Rick Higgins feels equally comfortable in a cowboy hat at a rodeo, in black tie at an awards dinner or gathered with a group of nerds designing portfolio performance software for financial advisors. When I ask him to describe himself, he says: “My mission in life is to simplify complexity.”

At 41, he’s got a good start. He co-founded myCFO. He’s built and sold four portfolio performance software companies. He designed Risclarity, a software program that measures the risk in an investor’s portfolio, dividing that risk into 18 different categories. And he’s hosted and produced The Rocky Mountain Experience, a TV reality series with features on bull riding, ice climbing, mountain biking, dogsledding and snowkiting in the Colorado wilds.

Higgins comes from a family of entrepreneurs. Along with his parents Rick Sr. and Gloria and his brother Brian, Higgins has created a number of companies in technology, finance and entertainment, most notably WealthTouch, a portfolio performance software company that he and his mother sold in 2009. His parents, both CPAs, formed a practice together in 1976. In 1980, his mother’s biggest client, Frederick R. Mayer, founder of Exeter Drilling Co., hired Gloria to run the Frederick R. Mayer family office. Rick Sr. revamped the firm as Higgins, Meritt & Burdick and was managing partner until he left to roll some of his clients into WealthTouch. At the same time, Rick Sr. created a new accounting firm, RT Higgins & Associates P.C., his third start-up company.

Rick Jr.’s grandfather worked as a cowboy; his grandmother was a seamstress. His mother’s dad worked as a sheriff and later developed a courier business.

Still, Higgins didn’t plan to become an entrepreneur. When he graduated from Penn State with a bachelor’s degree in finance, he figured he would become a Wall Street trader. By the time he finished his master’s degree in management information systems at George Washington University, he thought otherwise.
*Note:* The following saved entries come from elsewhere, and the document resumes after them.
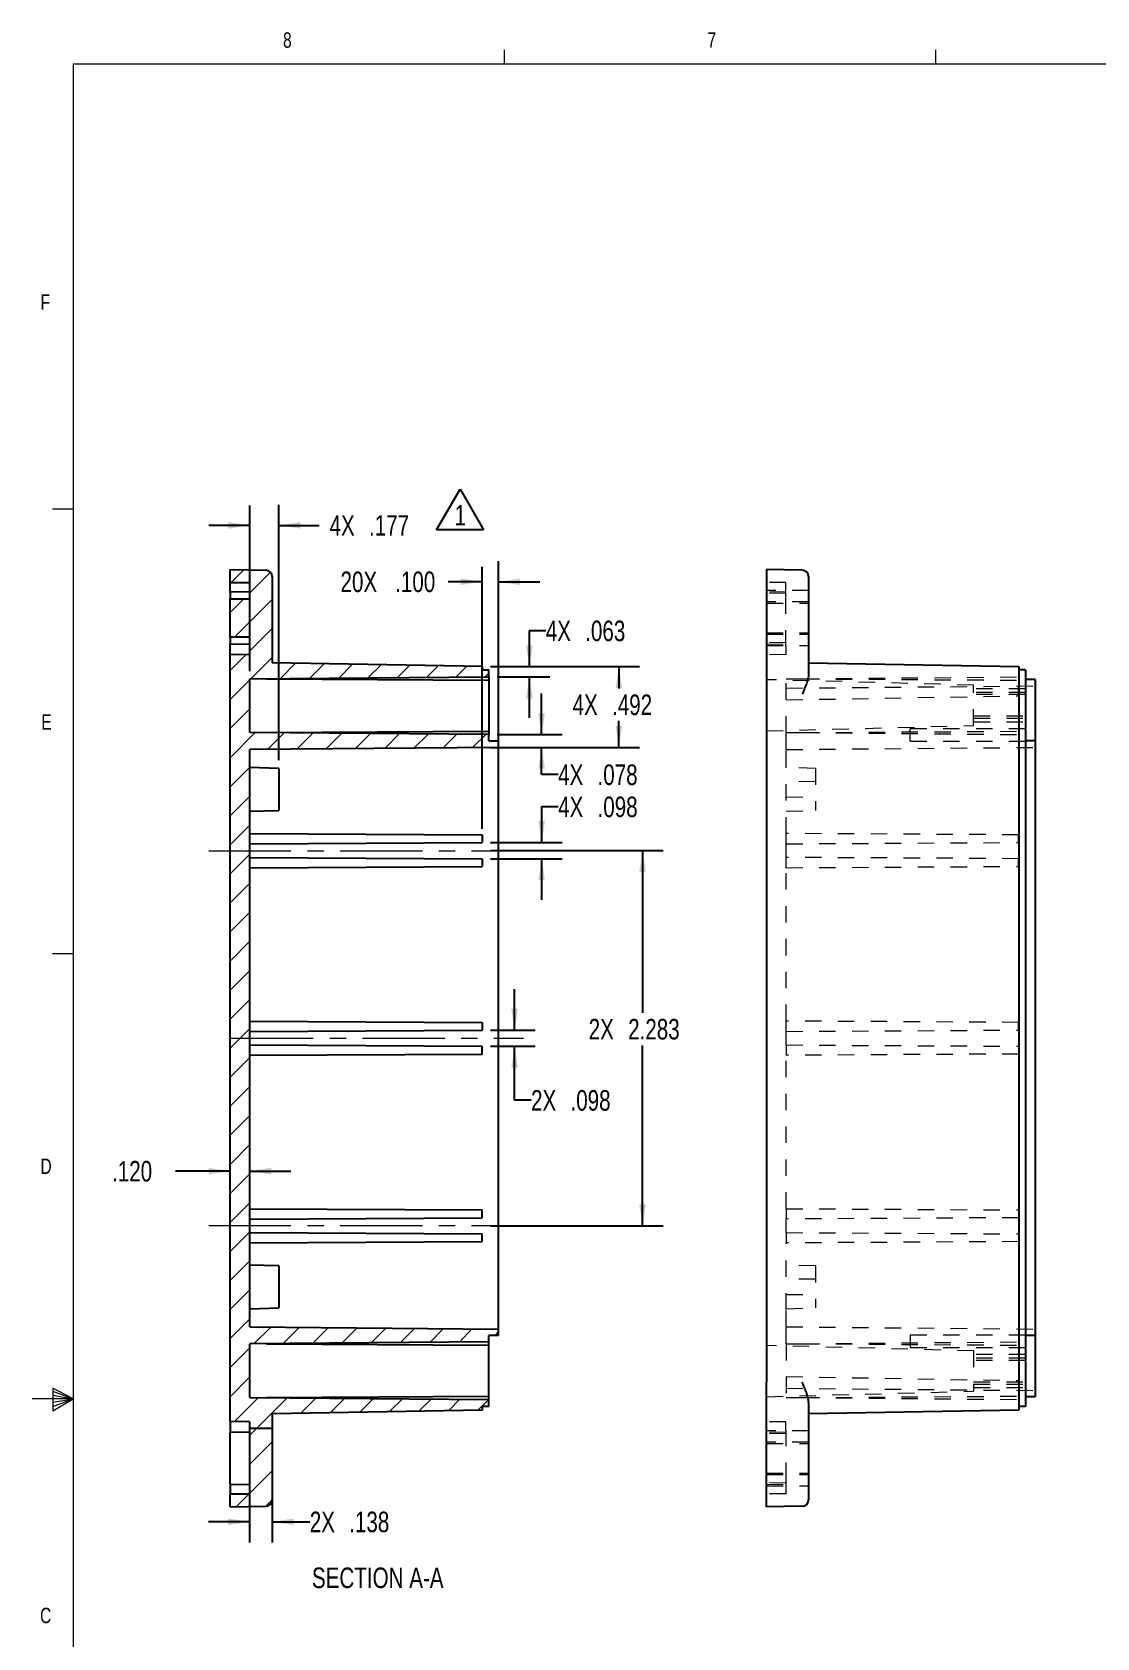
# Model space of a CAD drawing. Header units: inches. Extents: x 0.3 to 21.8, y 0.2 to 16.9.
# Drawn here: x 0.27 to 6.75, y 7.08 to 16.85 of the extents above; entities that cross this region are included whole.
import ezdxf

# ---------------------------------------------------------------- set-up
doc = ezdxf.new("R2010")
doc.units = ezdxf.units.IN
doc.header["$MEASUREMENT"] = 0
doc.linetypes.add('CENTERX2', pattern=[0.8, 0.5, -0.1, 0.1, -0.1])
doc.linetypes.add('HIDDEN', pattern=[0.075, 0.05, -0.025])
doc.layers.add('SLD-0', color=7, linetype='Continuous')
doc.styles.add('SLDTEXTSTYLE1', font='TXT', dxfattribs={"width": 0.75})
doc.dimstyles.new('SLDDIMSTYLE0', dxfattribs={"dimtxt": 0.125, "dimasz": 0.13, "dimexe": 0, "dimexo": 0.0625, "dimgap": 0.03125, "dimtad": 0, "dimtih": 1, "dimtoh": 1, "dimdec": 3, "dimrnd": 1e-09, "dimzin": 4, "dimdsep": 46, "dimtxsty": 'SLDTEXTSTYLE1', "dimsah": 1, "dimcen": 0.09, "dimadec": 0, "dimazin": 1, "dimtfac": 1, "dimtdec": 3, "dimtmove": 0, "dimatfit": 0, "dimfxl": 0, "dimfrac": 2, "dimtolj": 1, "dimtzin": 12, "dimarcsym": 0})
doc.dimstyles.new('SLDDIMSTYLE1', dxfattribs={"dimtxt": 0.125, "dimasz": 0.13, "dimexe": 0, "dimexo": 0.0625, "dimgap": 0.03125, "dimtad": 0, "dimtih": 1, "dimtoh": 1, "dimdec": 3, "dimrnd": 1e-09, "dimzin": 12, "dimdsep": 46, "dimtxsty": 'SLDTEXTSTYLE1', "dimsah": 1, "dimcen": 0.09, "dimadec": 0, "dimazin": 3, "dimtfac": 1, "dimtdec": 3, "dimtofl": 0, "dimtmove": 0, "dimatfit": 3, "dimfxl": 0, "dimfrac": 2, "dimtolj": 1, "dimtzin": 12, "dimarcsym": 0})
doc.dimstyles.new('SLDDIMSTYLE6', dxfattribs={"dimtxt": 0.125, "dimasz": 0.13, "dimexe": 0, "dimexo": 0.0625, "dimgap": 0.03125, "dimtad": 0, "dimtih": 1, "dimtoh": 1, "dimdec": 3, "dimrnd": 1e-09, "dimzin": 12, "dimdsep": 46, "dimtxsty": 'SLDTEXTSTYLE1', "dimsah": 1, "dimcen": 0.09, "dimadec": 0, "dimazin": 3, "dimtfac": 1, "dimtdec": 3, "dimtmove": 0, "dimatfit": 0, "dimfxl": 0, "dimfrac": 2, "dimtolj": 1, "dimtzin": 12, "dimarcsym": 0})

# ---------------------------------------------------------------- blocks, each defined once
blk = doc.blocks.new('_D_24')
at = {"layer": 'SLD-0'}
for p, q in [((3.0117, 12.0049), (3.0117, 13.5996)), ((3.1117, 10.7808), (3.1117, 13.6341)), ((3.0117, 13.5091), (2.8055, 13.5091)), ((3.1117, 13.5091), (3.3617, 13.5091))]:
    blk.add_line(p, q, dxfattribs=at)
for points in [[(3.0117, 13.5091), (2.8817, 13.5291), (2.8817, 13.4891)], [(3.1117, 13.5091), (3.2417, 13.4891), (3.2417, 13.5291)]]:
    blk.add_solid(points, dxfattribs=at)
at = {"layer": 'SLD-0', "char_height": 0.125, "attachment_point": 1, "style": 'SLDTEXTSTYLE1'}
for s, insert in [('20X', (2.1497, 13.5711)), ('.100', (2.4822, 13.5711))]:
    blk.add_mtext(s, dxfattribs=dict(at, insert=insert))
blk = doc.blocks.new('_D_25')
at = {"layer": 'SLD-0'}
for p, q in [((3.0617, 11.8726), (4.1128, 11.8726)), ((3.9878, 11.8726), (3.9878, 10.8856)), ((3.9878, 9.5891), (3.9878, 10.6872)), ((3.0617, 9.5891), (4.1128, 9.5891))]:
    blk.add_line(p, q, dxfattribs=at)
for points in [[(3.9878, 11.8726), (3.9678, 11.7426), (4.0078, 11.7426)], [(3.9878, 9.5891), (4.0078, 9.7191), (3.9678, 9.7191)]]:
    blk.add_solid(points, dxfattribs=at)
at = {"layer": 'SLD-0', "char_height": 0.125, "attachment_point": 1, "style": 'SLDTEXTSTYLE1'}
for s, insert in [('2X', (3.66, 10.8483)), ('2.283', (3.9001, 10.8483))]:
    blk.add_mtext(s, dxfattribs=dict(at, insert=insert))
blk = doc.blocks.new('_D_26')
at = {"layer": 'SLD-0'}
for p, q in [((3.4738, 12.1393), (3.3738, 12.1393)), ((3.3738, 12.1393), (3.3738, 11.9218)), ((3.0617, 11.9218), (3.4988, 11.9218)), ((3.0617, 11.8233), (3.4988, 11.8233)), ((3.3738, 11.8233), (3.3738, 11.5733))]:
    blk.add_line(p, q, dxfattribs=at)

He worked for two years as a systems administrator in Virginia for Cigna Financial Services. Then it was time to move back to Denver, where he grew up, and start solving problems. “I always felt I had enough ideas to pursue on my own without working for someone,” Higgins says.

When he returned to Denver in 1997, he went to work for his mother’s multifamily office, Synectics, developing software to solve reporting problems. “As her business was growing, she had to keep hiring consultants,” Higgins says. The two formed a partnership called Digital Partner, a firm that made data aggregation and portfolio reporting software. In 1999, they sold it to myCFO, which Rick joined.

Then in 2001, he and his mother began working on WealthTouch. At the time, they didn’t realize that many other groups, such as the Rockefeller family office, which developed Rockit, were also working on portfolio reporting software. “We thought we were competing with Advent,” he says. They sold WealthTouch in 2009; Higgins began the development of Risclarity and at the same time pursued a career in television. “When I left WealthTouch, I thought I was at the top of my game,” he says. “When I came into the TV business, I was entry level. It was very awkward.” Higgins partners with his brother, Brian, an architect in Denver, in the film work they do. “We both have a passion for video,” Higgins says. “Brian is an aspiring documentary filmmaker. I like TV episodes.”

Higgins was introduced to computer programming in the fourth grade, when he had the opportunity to take a programming class at the high school. “That was before the elementary school even had computers,” he says. “Now, the family wealth reporting space is my passion. I’m the guy that, once the idea has been identified, I can get going. I just love it.” Higgins says he also does some consulting. “If it’s presented to me, I accept it. I enjoy it because these are additional problems to solve. Unlike traditional consultants, I like to solve problems.”

Throughout his career, Higgins has worked with his college roommate, Carl Knecht. The two founded Higgins-Knecht, a technology consulting company, in 1997. “Part of the secret of my success is that I have worked with my college roommate at every company since Digital Partner,” Higgins says. “He was a co-founder of Digital Partner and WealthTouch. He is also a cinematographer on our TV series. My mom presents the problems, I see the solutions and Carl brings them to life.”

In 2010, Higgins joined Ron Surz, president of Target Date Solutions in San Clemente, Calif., at StokTrib, a software program that evaluates portfolio managers. Surz founded the company with a partner who wanted to sell his 50% share. Higgins bought it and the two worked to enhance it. “It was just the two of us,” Higgins says. “He was the academic. I was the nerd.” The two sold StokTrib to eVestment, an Atlanta company that works with RIAs to build portfolio tools.